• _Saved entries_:
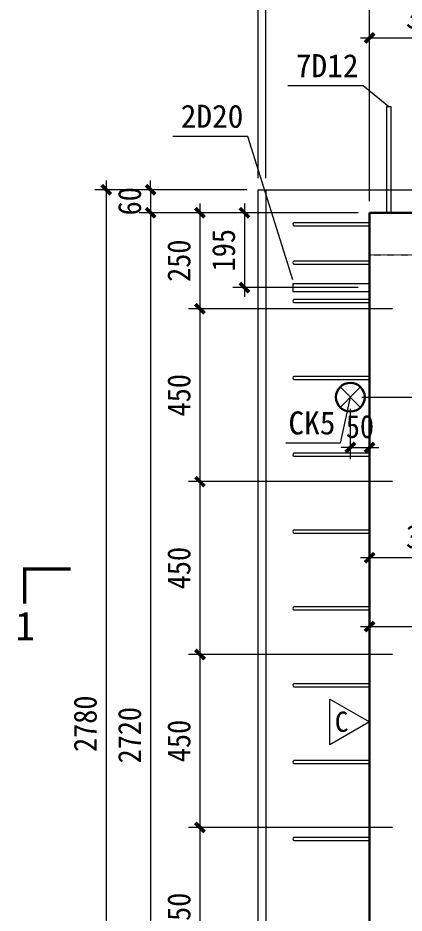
# Model space of a CAD drawing. Header units: millimetres. Extents: x 0 to 12600, y 0 to 8910.
# Drawn here: x 2799 to 3805, y 4652 to 6982 of the extents above; entities that cross this region are included whole.
import ezdxf
from ezdxf.enums import TextEntityAlignment as Align

# ---------------------------------------------------------------- set-up
doc = ezdxf.new("R2010")
doc.units = ezdxf.units.MM
doc.linetypes.add('DOT', pattern=[0.25, 0, -0.25])
doc.linetypes.add('DOTE', pattern=[2.42, 2, -0.2, 0.02, -0.2])
for name, color, linetype, lineweight in [('PUB_DIM', 7, 'Continuous', 15), ('YG-标注', 151, 'Continuous', 15), ('YZ-文字', 4, 'Continuous', 13), ('YZ-符号', 96, 'Continuous', 9), ('文字标注', 7, 'Continuous', 15), ('轮廓线', 2, 'Continuous', 13), ('轮廓线0.15', 91, 'Continuous', 15), ('轴线', 1, 'DOTE', 9)]:
    doc.layers.add(name, color=color, linetype=linetype, lineweight=lineweight)
doc.layers.add('暗柱钢筋', color=7, linetype='Continuous')
doc.layers.add('梁钢筋', color=7, linetype='Continuous')
doc.styles.add('YG-样式 2', font='simhei.ttf')
doc.styles.add('YZ-样式 2', font='simhei.ttf', dxfattribs={"width": 0.9})
doc.styles.add('图签-黑体', font='simhei.ttf')
doc.styles.add('黑体', font='simhei.ttf')
doc.dimstyles.new('YZ-30', dxfattribs={"dimscale": 30, "dimtxt": 2, "dimasz": 0.8, "dimexe": 1, "dimexo": 1, "dimgap": 0.8, "dimtad": 1, "dimdec": 0, "dimzin": 1, "dimdsep": 46, "dimtxsty": 'YZ-样式 2', "dimblk": 'ARCHTICK', "dimcen": 250, "dimdle": 0.8, "dimclrd": 151, "dimclre": 151, "dimclrt": 7, "dimazin": 0, "dimtfac": 1, "dimtdec": 0, "dimtix": 1, "dimtmove": 2, "dimatfit": 2, "dimldrblk": 'ARCHTICK', "dimfxl": 1, "dimlwd": 9, "dimlwe": 9, "dimarcsym": 0})

# ---------------------------------------------------------------- blocks, each defined once
blk = doc.blocks.new('_ArchTick')
at = {"color": 0, "linetype": 'ByBlock', "const_width": 0.4}
blk.add_lwpolyline([(-0.5, -0.5), (0.5, 0.5)], dxfattribs=at)
blk = doc.blocks.new('*D122')
at = {"layer": 'Defpoints', "color": 0, "transparency": 16777216}
for p in [(4145.8, 7083.4), (4145.8, 6555.3), (3715.5, 6475.3)]:
    blk.add_point(p, dxfattribs=at)
at = {"layer": 'YG-标注', "color": 151, "lineweight": 9, "transparency": 16777216}
for p, q in [((3715.5, 6505.3), (3715.5, 7113.4)), ((4145.8, 6585.3), (4145.8, 7113.4)), ((3691.5, 7083.4), (4169.8, 7083.4))]:
    blk.add_line(p, q, dxfattribs=at)
at = {"layer": 'YG-标注', "color": 151, "lineweight": 9, "transparency": 16777216, "xscale": 24, "yscale": 24, "zscale": 24, "rotation": 180}
blk.add_blockref('_ArchTick', (3715.5, 7083.4), dxfattribs=at)
at = {"layer": 'YG-标注', "color": 151, "lineweight": 9, "transparency": 16777216, "xscale": 24, "yscale": 24, "zscale": 24}
blk.add_blockref('_ArchTick', (4145.8, 7083.4), dxfattribs=at)
at = {"layer": 'YG-标注', "color": 7, "transparency": 16777216, "insert": (3930.6, 7137.8), "char_height": 60, "attachment_point": 5, "style": 'YZ-样式 2'}
blk.add_mtext('430', dxfattribs=at)
blk = doc.blocks.new('*D125')
at = {"layer": 'Defpoints', "color": 0, "transparency": 16777216}
for p in [(5125.5, 7212.8), (5125.5, 6835.3), (3715.5, 6475.3)]:
    blk.add_point(p, dxfattribs=at)
at = {"layer": 'YG-标注', "color": 151, "lineweight": 9, "transparency": 16777216}
for p, q in [((3715.5, 6505.3), (3715.5, 7242.8)), ((5125.5, 6865.3), (5125.5, 7242.8)), ((3691.5, 7212.8), (5149.5, 7212.8))]:
    blk.add_line(p, q, dxfattribs=at)
at = {"layer": 'YG-标注', "color": 151, "lineweight": 9, "transparency": 16777216, "xscale": 24, "yscale": 24, "zscale": 24, "rotation": 180}
blk.add_blockref('_ArchTick', (3715.5, 7212.8), dxfattribs=at)
at = {"layer": 'YG-标注', "color": 151, "lineweight": 9, "transparency": 16777216, "xscale": 24, "yscale": 24, "zscale": 24}
blk.add_blockref('_ArchTick', (5125.5, 7212.8), dxfattribs=at)
at = {"layer": 'YG-标注', "color": 7, "transparency": 16777216, "insert": (4420.5, 7267.1), "char_height": 60, "attachment_point": 5, "style": 'YZ-样式 2'}
blk.add_mtext('1410', dxfattribs=at)
blk = doc.blocks.new('*D127')
at = {"layer": 'Defpoints', "color": 0, "transparency": 16777216}
for p in [(3445.5, 7072.1), (3425.5, 6535), (3445.5, 6535)]:
    blk.add_point(p, dxfattribs=at)
at = {"layer": 'YG-标注', "color": 151, "lineweight": 9, "transparency": 16777216}
for p, q in [((3425.5, 6565), (3425.5, 7102.1)), ((3445.5, 6565), (3445.5, 7102.1)), ((3425.5, 7072.1), (3401.5, 7072.1)), ((3425.5, 7072.1), (3445.5, 7072.1)), ((3445.5, 7072.1), (3469.5, 7072.1))]:
    blk.add_line(p, q, dxfattribs=at)
at = {"layer": 'YG-标注', "color": 151, "lineweight": 9, "transparency": 16777216, "xscale": 24, "yscale": 24, "zscale": 24}
blk.add_blockref('_ArchTick', (3425.5, 7072.1), dxfattribs=at)
at = {"layer": 'YG-标注', "color": 151, "lineweight": 9, "transparency": 16777216, "xscale": 24, "yscale": 24, "zscale": 24, "rotation": 180}
blk.add_blockref('_ArchTick', (3445.5, 7072.1), dxfattribs=at)
at = {"layer": 'YG-标注', "color": 7, "transparency": 16777216, "insert": (3435.5, 7126.4), "char_height": 60, "attachment_point": 5, "style": 'YZ-样式 2'}
blk.add_mtext('20', dxfattribs=at)
blk = doc.blocks.new('*D128')
at = {"layer": 'Defpoints', "color": 0, "transparency": 16777216}
for p in [(3425.5, 6535), (3029.4, 3755.3), (3425.5, 3755.3)]:
    blk.add_point(p, dxfattribs=at)
at = {"layer": 'YG-标注', "color": 151, "lineweight": 9, "transparency": 16777216}
for p, q in [((3029.4, 6559), (3029.4, 3731.3)), ((3395.5, 6535), (2999.4, 6535)), ((3395.5, 3755.3), (2999.4, 3755.3))]:
    blk.add_line(p, q, dxfattribs=at)
at = {"layer": 'YG-标注', "color": 151, "lineweight": 9, "transparency": 16777216, "xscale": 24, "yscale": 24, "zscale": 24}
for p, rotation in [((3029.4, 6535), 90), ((3029.4, 3755.3), 270)]:
    blk.add_blockref('_ArchTick', p, dxfattribs=dict(at, rotation=rotation))
at = {"layer": 'YG-标注', "color": 7, "transparency": 16777216, "insert": (2975.1, 5145.1), "char_height": 60, "attachment_point": 5, "rotation": 90, "style": 'YZ-样式 2'}
blk.add_mtext('2780', dxfattribs=at)
blk = doc.blocks.new('*D129')
at = {"layer": 'Defpoints', "color": 0, "transparency": 16777216}
for p in [(3425.5, 6535), (3144.9, 6475.3), (3715.5, 6475.3)]:
    blk.add_point(p, dxfattribs=at)
at = {"layer": 'YG-标注', "color": 151, "lineweight": 9, "transparency": 16777216}
for p, q in [((3144.9, 6535), (3144.9, 6559)), ((3395.5, 6535), (3114.9, 6535)), ((3144.9, 6535), (3144.9, 6475.3)), ((3685.5, 6475.3), (3114.9, 6475.3)), ((3144.9, 6475.3), (3144.9, 6451.3))]:
    blk.add_line(p, q, dxfattribs=at)
at = {"layer": 'YG-标注', "color": 151, "lineweight": 9, "transparency": 16777216, "xscale": 24, "yscale": 24, "zscale": 24}
for p, rotation in [((3144.9, 6535), 270), ((3144.9, 6475.3), 90)]:
    blk.add_blockref('_ArchTick', p, dxfattribs=dict(at, rotation=rotation))
at = {"layer": 'YG-标注', "color": 7, "transparency": 16777216, "insert": (3090.6, 6505.1), "char_height": 60, "attachment_point": 5, "rotation": 90, "style": 'YZ-样式 2'}
blk.add_mtext('60', dxfattribs=at)
blk = doc.blocks.new('*D130')
at = {"layer": 'Defpoints', "color": 0, "transparency": 16777216}
for p in [(3715.5, 6475.3), (3144.9, 3755.3), (3425.5, 3755.3)]:
    blk.add_point(p, dxfattribs=at)
at = {"layer": 'YG-标注', "color": 151, "lineweight": 9, "transparency": 16777216}
for p, q in [((3144.9, 6499.3), (3144.9, 3731.3)), ((3685.5, 6475.3), (3114.9, 6475.3)), ((3395.5, 3755.3), (3114.9, 3755.3))]:
    blk.add_line(p, q, dxfattribs=at)
at = {"layer": 'YG-标注', "color": 151, "lineweight": 9, "transparency": 16777216, "xscale": 24, "yscale": 24, "zscale": 24}
for p, rotation in [((3144.9, 6475.3), 90), ((3144.9, 3755.3), 270)]:
    blk.add_blockref('_ArchTick', p, dxfattribs=dict(at, rotation=rotation))
at = {"layer": 'YG-标注', "color": 7, "transparency": 16777216, "insert": (3090.6, 5115.3), "char_height": 60, "attachment_point": 5, "rotation": 90, "style": 'YZ-样式 2'}
blk.add_mtext('2720', dxfattribs=at)
blk = doc.blocks.new('*D131')
at = {"layer": 'Defpoints', "color": 0, "transparency": 16777216}
for p in [(3715.5, 5925.3), (4015.5, 5925.3), (3715.5, 5577.2)]:
    blk.add_point(p, dxfattribs=at)
at = {"layer": 'YG-标注', "color": 151, "lineweight": 9, "transparency": 16777216}
for p, q in [((3715.5, 5895.3), (3715.5, 5547.2)), ((4015.5, 5895.3), (4015.5, 5547.2)), ((4039.5, 5577.2), (3691.5, 5577.2))]:
    blk.add_line(p, q, dxfattribs=at)
at = {"layer": 'YG-标注', "color": 151, "lineweight": 9, "transparency": 16777216, "xscale": 24, "yscale": 24, "zscale": 24, "rotation": 180}
blk.add_blockref('_ArchTick', (3715.5, 5577.2), dxfattribs=at)
at = {"layer": 'YG-标注', "color": 151, "lineweight": 9, "transparency": 16777216, "xscale": 24, "yscale": 24, "zscale": 24}
blk.add_blockref('_ArchTick', (4015.5, 5577.2), dxfattribs=at)
at = {"layer": 'YG-标注', "color": 7, "transparency": 16777216, "insert": (3865.5, 5631.5), "char_height": 60, "attachment_point": 5, "style": 'YZ-样式 2'}
blk.add_mtext('300', dxfattribs=at)
blk = doc.blocks.new('*D133')
at = {"layer": 'Defpoints', "color": 0, "transparency": 16777216}
for p in [(3715.5, 5441.3), (4265.5, 5398.2), (4265.5, 4735.3)]:
    blk.add_point(p, dxfattribs=at)
at = {"layer": 'YG-标注', "color": 151, "lineweight": 9, "transparency": 16777216}
for p, q in [((3715.5, 5411.3), (3715.5, 5368.2)), ((4265.5, 4765.3), (4265.5, 5428.2)), ((3691.5, 5398.2), (4289.5, 5398.2))]:
    blk.add_line(p, q, dxfattribs=at)
at = {"layer": 'YG-标注', "color": 151, "lineweight": 9, "transparency": 16777216, "xscale": 24, "yscale": 24, "zscale": 24, "rotation": 180}
blk.add_blockref('_ArchTick', (3715.5, 5398.2), dxfattribs=at)
at = {"layer": 'YG-标注', "color": 151, "lineweight": 9, "transparency": 16777216, "xscale": 24, "yscale": 24, "zscale": 24}
blk.add_blockref('_ArchTick', (4265.5, 5398.2), dxfattribs=at)
at = {"layer": 'YG-标注', "color": 7, "transparency": 16777216, "insert": (3940.5, 5452.5), "char_height": 60, "attachment_point": 5, "style": 'YZ-样式 2'}
blk.add_mtext('550', dxfattribs=at)
blk = doc.blocks.new('*D138')
at = {"layer": 'Defpoints', "color": 0, "transparency": 16777216}
for p in [(3715.5, 6475.3), (3389.5, 6280.3), (3715.5, 6280.3)]:
    blk.add_point(p, dxfattribs=at)
at = {"layer": 'YG-标注', "color": 151, "lineweight": 9, "transparency": 16777216}
for p, q in [((3389.5, 6499.3), (3389.5, 6256.3)), ((3685.5, 6475.3), (3359.5, 6475.3)), ((3685.5, 6280.3), (3359.5, 6280.3))]:
    blk.add_line(p, q, dxfattribs=at)
at = {"layer": 'YG-标注', "color": 151, "lineweight": 9, "transparency": 16777216, "xscale": 24, "yscale": 24, "zscale": 24}
for p, rotation in [((3389.5, 6475.3), 90), ((3389.5, 6280.3), 270)]:
    blk.add_blockref('_ArchTick', p, dxfattribs=dict(at, rotation=rotation))
at = {"layer": 'YG-标注', "color": 7, "transparency": 16777216, "insert": (3335.5, 6377.8), "char_height": 60, "attachment_point": 5, "rotation": 90, "style": 'YZ-样式 2'}
blk.add_mtext('195', dxfattribs=at)
blk = doc.blocks.new('*D146')
at = {"layer": 'Defpoints', "color": 0, "transparency": 16777216}
for p in [(3455.5, 6475.3), (3273.6, 6225.3), (3805.5, 6225.3)]:
    blk.add_point(p, dxfattribs=at)
at = {"layer": 'YG-标注', "color": 151, "lineweight": 9, "transparency": 16777216}
for p, q in [((3273.6, 6499.3), (3273.6, 6201.3)), ((3425.5, 6475.3), (3243.6, 6475.3)), ((3775.5, 6225.3), (3243.6, 6225.3))]:
    blk.add_line(p, q, dxfattribs=at)
at = {"layer": 'YG-标注', "color": 151, "lineweight": 9, "transparency": 16777216, "xscale": 24, "yscale": 24, "zscale": 24}
for p, rotation in [((3273.6, 6475.3), 90), ((3273.6, 6225.3), 270)]:
    blk.add_blockref('_ArchTick', p, dxfattribs=dict(at, rotation=rotation))
at = {"layer": 'YG-标注', "color": 7, "transparency": 16777216, "insert": (3219.2, 6350.3), "char_height": 60, "attachment_point": 5, "rotation": 90, "style": 'YZ-样式 2'}
blk.add_mtext('250', dxfattribs=at)
blk = doc.blocks.new('*D147')
at = {"layer": 'Defpoints', "color": 0, "transparency": 16777216}
for p in [(3805.5, 6225.3), (3273.6, 5775.3), (3805.5, 5775.3)]:
    blk.add_point(p, dxfattribs=at)
at = {"layer": 'YG-标注', "color": 151, "lineweight": 9, "transparency": 16777216}
for p, q in [((3273.6, 6249.3), (3273.6, 5751.3)), ((3775.5, 6225.3), (3243.6, 6225.3)), ((3775.5, 5775.3), (3243.6, 5775.3))]:
    blk.add_line(p, q, dxfattribs=at)
at = {"layer": 'YG-标注', "color": 151, "lineweight": 9, "transparency": 16777216, "xscale": 24, "yscale": 24, "zscale": 24}
for p, rotation in [((3273.6, 6225.3), 90), ((3273.6, 5775.3), 270)]:
    blk.add_blockref('_ArchTick', p, dxfattribs=dict(at, rotation=rotation))
at = {"layer": 'YG-标注', "color": 7, "transparency": 16777216, "insert": (3219.2, 6000.3), "char_height": 60, "attachment_point": 5, "rotation": 90, "style": 'YZ-样式 2'}
blk.add_mtext('450', dxfattribs=at)
blk = doc.blocks.new('*D148')
at = {"layer": 'Defpoints', "color": 0, "transparency": 16777216}
for p in [(3805.5, 5775.3), (3273.6, 5325.3), (3805.5, 5325.3)]:
    blk.add_point(p, dxfattribs=at)
at = {"layer": 'YG-标注', "color": 151, "lineweight": 9, "transparency": 16777216}
for p, q in [((3273.6, 5799.3), (3273.6, 5301.3)), ((3775.5, 5775.3), (3243.6, 5775.3)), ((3775.5, 5325.3), (3243.6, 5325.3))]:
    blk.add_line(p, q, dxfattribs=at)
at = {"layer": 'YG-标注', "color": 151, "lineweight": 9, "transparency": 16777216, "xscale": 24, "yscale": 24, "zscale": 24}
for p, rotation in [((3273.6, 5775.3), 90), ((3273.6, 5325.3), 270)]:
    blk.add_blockref('_ArchTick', p, dxfattribs=dict(at, rotation=rotation))
at = {"layer": 'YG-标注', "color": 7, "transparency": 16777216, "insert": (3219.2, 5550.3), "char_height": 60, "attachment_point": 5, "rotation": 90, "style": 'YZ-样式 2'}
blk.add_mtext('450', dxfattribs=at)
blk = doc.blocks.new('*D149')
at = {"layer": 'Defpoints', "color": 0, "transparency": 16777216}
for p in [(3805.5, 5325.3), (3273.6, 4875.3), (3805.5, 4875.3)]:
    blk.add_point(p, dxfattribs=at)
at = {"layer": 'YG-标注', "color": 151, "lineweight": 9, "transparency": 16777216}
for p, q in [((3273.6, 5349.3), (3273.6, 4851.3)), ((3775.5, 5325.3), (3243.6, 5325.3)), ((3775.5, 4875.3), (3243.6, 4875.3))]:
    blk.add_line(p, q, dxfattribs=at)
at = {"layer": 'YG-标注', "color": 151, "lineweight": 9, "transparency": 16777216, "xscale": 24, "yscale": 24, "zscale": 24}
for p, rotation in [((3273.6, 5325.3), 90), ((3273.6, 4875.3), 270)]:
    blk.add_blockref('_ArchTick', p, dxfattribs=dict(at, rotation=rotation))
at = {"layer": 'YG-标注', "color": 7, "transparency": 16777216, "insert": (3219.2, 5100.3), "char_height": 60, "attachment_point": 5, "rotation": 90, "style": 'YZ-样式 2'}
blk.add_mtext('450', dxfattribs=at)
blk = doc.blocks.new('*D150')
at = {"layer": 'Defpoints', "color": 0, "transparency": 16777216}
for p in [(3805.5, 4875.3), (3273.6, 4425.3), (3805.5, 4425.3)]:
    blk.add_point(p, dxfattribs=at)
at = {"layer": 'YG-标注', "color": 151, "lineweight": 9, "transparency": 16777216}
for p, q in [((3273.6, 4899.3), (3273.6, 4401.3)), ((3775.5, 4875.3), (3243.6, 4875.3)), ((3775.5, 4425.3), (3243.6, 4425.3))]:
    blk.add_line(p, q, dxfattribs=at)
at = {"layer": 'YG-标注', "color": 151, "lineweight": 9, "transparency": 16777216, "xscale": 24, "yscale": 24, "zscale": 24}
for p, rotation in [((3273.6, 4875.3), 90), ((3273.6, 4425.3), 270)]:
    blk.add_blockref('_ArchTick', p, dxfattribs=dict(at, rotation=rotation))
at = {"layer": 'YG-标注', "color": 7, "transparency": 16777216, "insert": (3219.2, 4650.3), "char_height": 60, "attachment_point": 5, "rotation": 90, "style": 'YZ-样式 2'}
blk.add_mtext('450', dxfattribs=at)
blk = doc.blocks.new('*D236')
at = {"layer": 'Defpoints', "color": 0, "transparency": 16777216}
for p in [(3715.5, 6475.3), (3957.1, 6475.3), (3665.3, 5995.1)]:
    blk.add_point(p, dxfattribs=at)
at = {"layer": 'YG-标注', "color": 151, "lineweight": 9, "transparency": 16777216}
for p, q in [((3957.1, 5971.1), (3957.1, 6499.3)), ((3745.5, 6475.3), (3987.1, 6475.3)), ((3695.3, 5995.1), (3987.1, 5995.1))]:
    blk.add_line(p, q, dxfattribs=at)
at = {"layer": 'YG-标注', "color": 151, "lineweight": 9, "transparency": 16777216, "xscale": 24, "yscale": 24, "zscale": 24}
for p, rotation in [((3957.1, 6475.3), 90), ((3957.1, 5995.1), 270)]:
    blk.add_blockref('_ArchTick', p, dxfattribs=dict(at, rotation=rotation))
at = {"layer": 'YG-标注', "color": 7, "transparency": 16777216, "insert": (3902.8, 6235.2), "char_height": 60, "attachment_point": 5, "rotation": 90, "style": 'YZ-样式 2'}
blk.add_mtext('480', dxfattribs=at)
blk = doc.blocks.new('*D237')
at = {"layer": 'Defpoints', "color": 0, "transparency": 16777216}
for p in [(3665.3, 5995.1), (3715.5, 5995.1), (3715.5, 5864.2)]:
    blk.add_point(p, dxfattribs=at)
at = {"layer": 'YG-标注', "color": 151, "lineweight": 9, "transparency": 16777216}
for p, q in [((3665.3, 5965.1), (3665.3, 5834.2)), ((3715.5, 5965.1), (3715.5, 5834.2)), ((3665.3, 5864.2), (3641.3, 5864.2)), ((3665.3, 5864.2), (3715.5, 5864.2)), ((3715.5, 5864.2), (3739.5, 5864.2))]:
    blk.add_line(p, q, dxfattribs=at)
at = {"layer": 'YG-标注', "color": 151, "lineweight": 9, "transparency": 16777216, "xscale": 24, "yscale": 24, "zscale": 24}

• _WORK INSTRUCTION_: Reproduce, word for word and in full, only the lines above that start at the line with "blk.add_mtext('250', dxfattribs=at)" and run through the line with "blk = doc.blocks.new('*D148')", both ends included.

• _WRITTEN SOLUTION_:
blk.add_mtext('250', dxfattribs=at)
blk = doc.blocks.new('*D147')
at = {"layer": 'Defpoints', "color": 0, "transparency": 16777216}
for p in [(3805.5, 6225.3), (3273.6, 5775.3), (3805.5, 5775.3)]:
    blk.add_point(p, dxfattribs=at)
at = {"layer": 'YG-标注', "color": 151, "lineweight": 9, "transparency": 16777216}
for p, q in [((3273.6, 6249.3), (3273.6, 5751.3)), ((3775.5, 6225.3), (3243.6, 6225.3)), ((3775.5, 5775.3), (3243.6, 5775.3))]:
    blk.add_line(p, q, dxfattribs=at)
at = {"layer": 'YG-标注', "color": 151, "lineweight": 9, "transparency": 16777216, "xscale": 24, "yscale": 24, "zscale": 24}
for p, rotation in [((3273.6, 6225.3), 90), ((3273.6, 5775.3), 270)]:
    blk.add_blockref('_ArchTick', p, dxfattribs=dict(at, rotation=rotation))
at = {"layer": 'YG-标注', "color": 7, "transparency": 16777216, "insert": (3219.2, 6000.3), "char_height": 60, "attachment_point": 5, "rotation": 90, "style": 'YZ-样式 2'}
blk.add_mtext('450', dxfattribs=at)
blk = doc.blocks.new('*D148')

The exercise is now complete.